Dr Bakterius schrieb:


> Darf ich nicht. Mir ist eine Viagra durch ein Loch in der Tasche am Bein runter gerutscht, jetzt ist das Bein steif


Auf was für Ideen kommst du eigentlich?


----------



## Dr Bakterius (25. Februar 2017)

*AW: Parkplätze für Einhörner in der Schweiz*

Darauf willst du keine wirkliche Antwort und mich auch nicht wirklich kennen . Mach das mal mit gekochten Spagetti das gibt 1A Fahrradspeichen.


----------



## Gamer090 (25. Februar 2017)

*AW: Parkplätze für Einhörner in der Schweiz*



Dr Bakterius schrieb:


> Darauf willst du keine wirkliche Antwort und mich auch nicht wirklich kennen . Mach das mal mit gekochten Spagetti das gibt 1A Fahrradspeichen.



War auch keine ernst gemeinte Frage


----------



## Bot_mit_Ping (27. Februar 2017)

*AW: Parkplätze für Einhörner in der Schweiz*

Ziemlich diskriminierend gegenüber dem Pegasus und wo sind Parkplätze für ein Alicorn?


----------



## Gamer090 (27. Februar 2017)

*AW: Parkplätze für Einhörner in der Schweiz*



Bot_mit_Ping schrieb:


> Ziemlich diskriminierend gegenüber dem Pegasus und wo sind Parkplätze für ein Alicorn?


Stimmt, die feheln noch aber man kann sicher mal eine Ausnahme machen und auch einen Pegasus drauf abstellen


----------



## Bot_mit_Ping (27. Februar 2017)

*AW: Parkplätze für Einhörner in der Schweiz*



Gamer090 schrieb:


> Stimmt, die feheln noch aber man kann sicher mal eine Ausnahme machen und auch einen Pegasus drauf abstellen



Hast du etwa einen Pegasus gefragt?
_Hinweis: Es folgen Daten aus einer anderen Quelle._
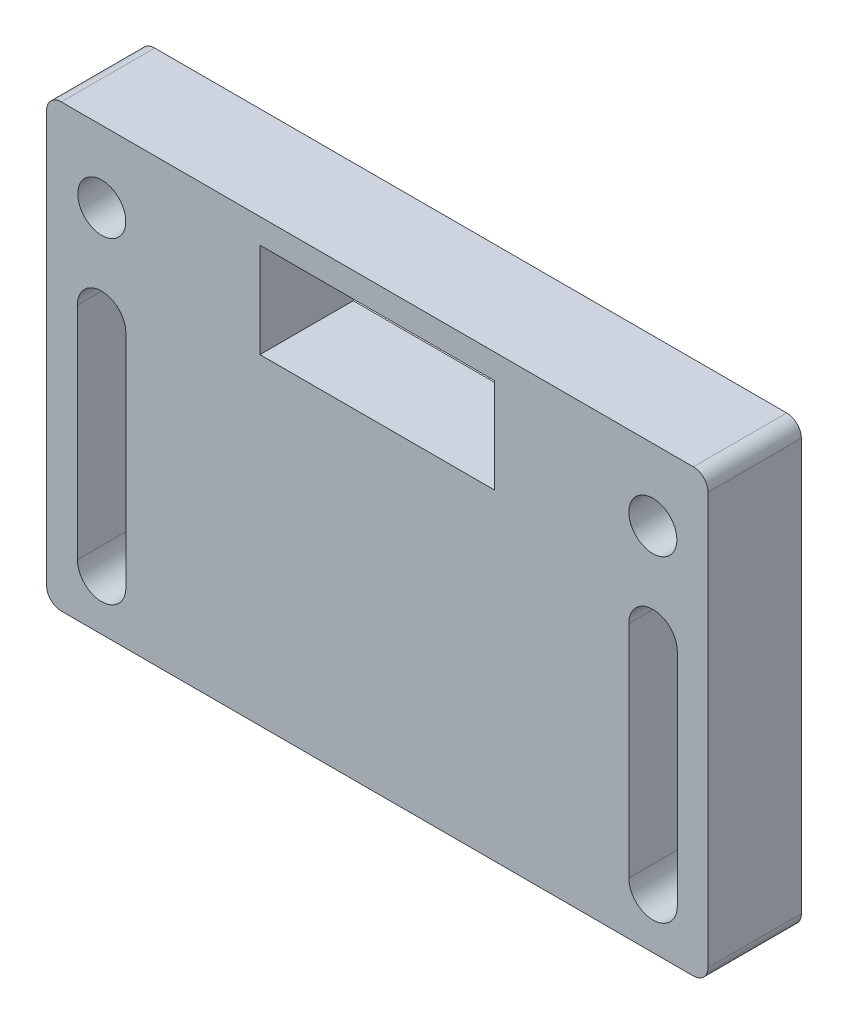
from build123d import *

# Parameters (mm, degrees)
SKETCH1_W                                        = 90
SKETCH1_H                                        = 60
BOSS_EXTRUDE1_DEPTH                              = 12.7
CSK_FOR_1_4_FLAT_HEAD_MACHINE_SCREW1_D           = 6.5278
CSK_FOR_1_4_FLAT_HEAD_MACHINE_SCREW1_CSINK_D     = 12.8778
CSK_FOR_1_4_FLAT_HEAD_MACHINE_SCREW1_CSINK_ANGLE = 82
FILLET1_R                                        = 2
CUT_EXTRUDE1_DEPTH                               = 109.909549627


with BuildPart() as part:
    # Sketch1 → Boss-Extrude1 (new body)
    with BuildSketch(Plane.XY):
        with Locations((45, -30)):
            Rectangle(SKETCH1_W, SKETCH1_H)
        Polygon((29.025, -3.367091904), (29.025, -16.267091904), (60.975, -16.267091904), (60.975, -3.367091904), (45, -3.367091904), align=None, mode=Mode.SUBTRACT)
    extrude(amount=BOSS_EXTRUDE1_DEPTH)

    # CSK for 1/4 Flat Head Machine Screw1 (through all)
    with Locations(Plane(origin=(0, 0, 0), x_dir=(-1, 0, 0), z_dir=(0, 0, -1))):
        with Locations((-82.49, -9.717091904), (-7.51, -9.717091904)):
            CounterSinkHole(CSK_FOR_1_4_FLAT_HEAD_MACHINE_SCREW1_D / 2, CSK_FOR_1_4_FLAT_HEAD_MACHINE_SCREW1_CSINK_D / 2, counter_sink_angle=CSK_FOR_1_4_FLAT_HEAD_MACHINE_SCREW1_CSINK_ANGLE)

    # Fillet1
    fillet1_edges = [part.edges().sort_by_distance(p)[0] for p in [
        (0, -60, 6.35),
        (0, 0, 6.35),
        (90, 0, 6.35),
        (90, -60, 6.35),
    ]]
    fillet(fillet1_edges, radius=FILLET1_R)

    # Sketch5 → Cut-Extrude1 (cut, through all)
    with BuildSketch(Plane(origin=(0, 0, 0), x_dir=(-1, 0, 0), z_dir=(0, 0, -1))):
        with BuildLine():
            Line((-10.785, -22.847364981), (-10.785, -52.847364981))
            ThreePointArc((-10.785, -52.847364981), (-7.485, -56.147364981), (-4.185, -52.847364981))
            Line((-4.185, -52.847364981), (-4.185, -22.847364981))
            ThreePointArc((-4.185, -22.847364981), (-7.485, -19.547364981), (-10.785, -22.847364981))
        make_face()
        with BuildLine():
            Line((-79.215, -52.847364981), (-79.215, -22.847364981))
            ThreePointArc((-79.215, -22.847364981), (-82.515, -19.547364981), (-85.815, -22.847364981))
            Line((-85.815, -22.847364981), (-85.815, -52.847364981))
            ThreePointArc((-85.815, -52.847364981), (-82.515, -56.147364981), (-79.215, -52.847364981))
        make_face()
    extrude(amount=-CUT_EXTRUDE1_DEPTH, mode=Mode.SUBTRACT)


solid = part.part

Auch der hat seinen Stolz.


----------



## Gamer090 (27. Februar 2017)

*AW: Parkplätze für Einhörner in der Schweiz*



Bot_mit_Ping schrieb:


> Hast du etwa einen Pegasus gefragt? Auch der hat seinen Stolz.


Dann frag  im Supermakrt nach ob Parkplätze extra für einen Pegasus gestrichen werden können Wenn sie es schon für Einhörner machen dann sollte es auch für einen Pegasus gehen


----------



## Bot_mit_Ping (27. Februar 2017)

*AW: Parkplätze für Einhörner in der Schweiz*

Doppelpost


----------



## Bot_mit_Ping (27. Februar 2017)

*AW: Parkplätze für Einhörner in der Schweiz*



Gamer090 schrieb:


> Dann frag  im Supermakrt nach ob Parkplätze extra für einen Pegasus gestrichen werden können Wenn sie es schon für Einhörner machen dann sollte es auch für einen Pegasus gehen



Das werde ich tun.
Leider sind in unserer Welt Pegasi nicht mehr willkommen und massiver Diskrimierung ausgesetzt  Von Genderwesen wie Alicorn, Greif, Zahnfee, Frau, Hippogryph und noch viele anderen ganz zu schweigen.


----------



## Ramonx56 (27. Februar 2017)

*AW: Parkplätze für Einhörner in der Schweiz*

CRISPR/Cas9. Do your Thing!
Ich will ein Einhorn... Jetzt sofort! Man nehme ein Pferd als Basis und pfuscht dem ein Horn auf die Nase. 
Die neue Gen-Revolution: Was man zu CRISPR/Cas wissen sollte - Forschung - transgen.de
Finde ich sehr interessant dieses Gen geschnippel.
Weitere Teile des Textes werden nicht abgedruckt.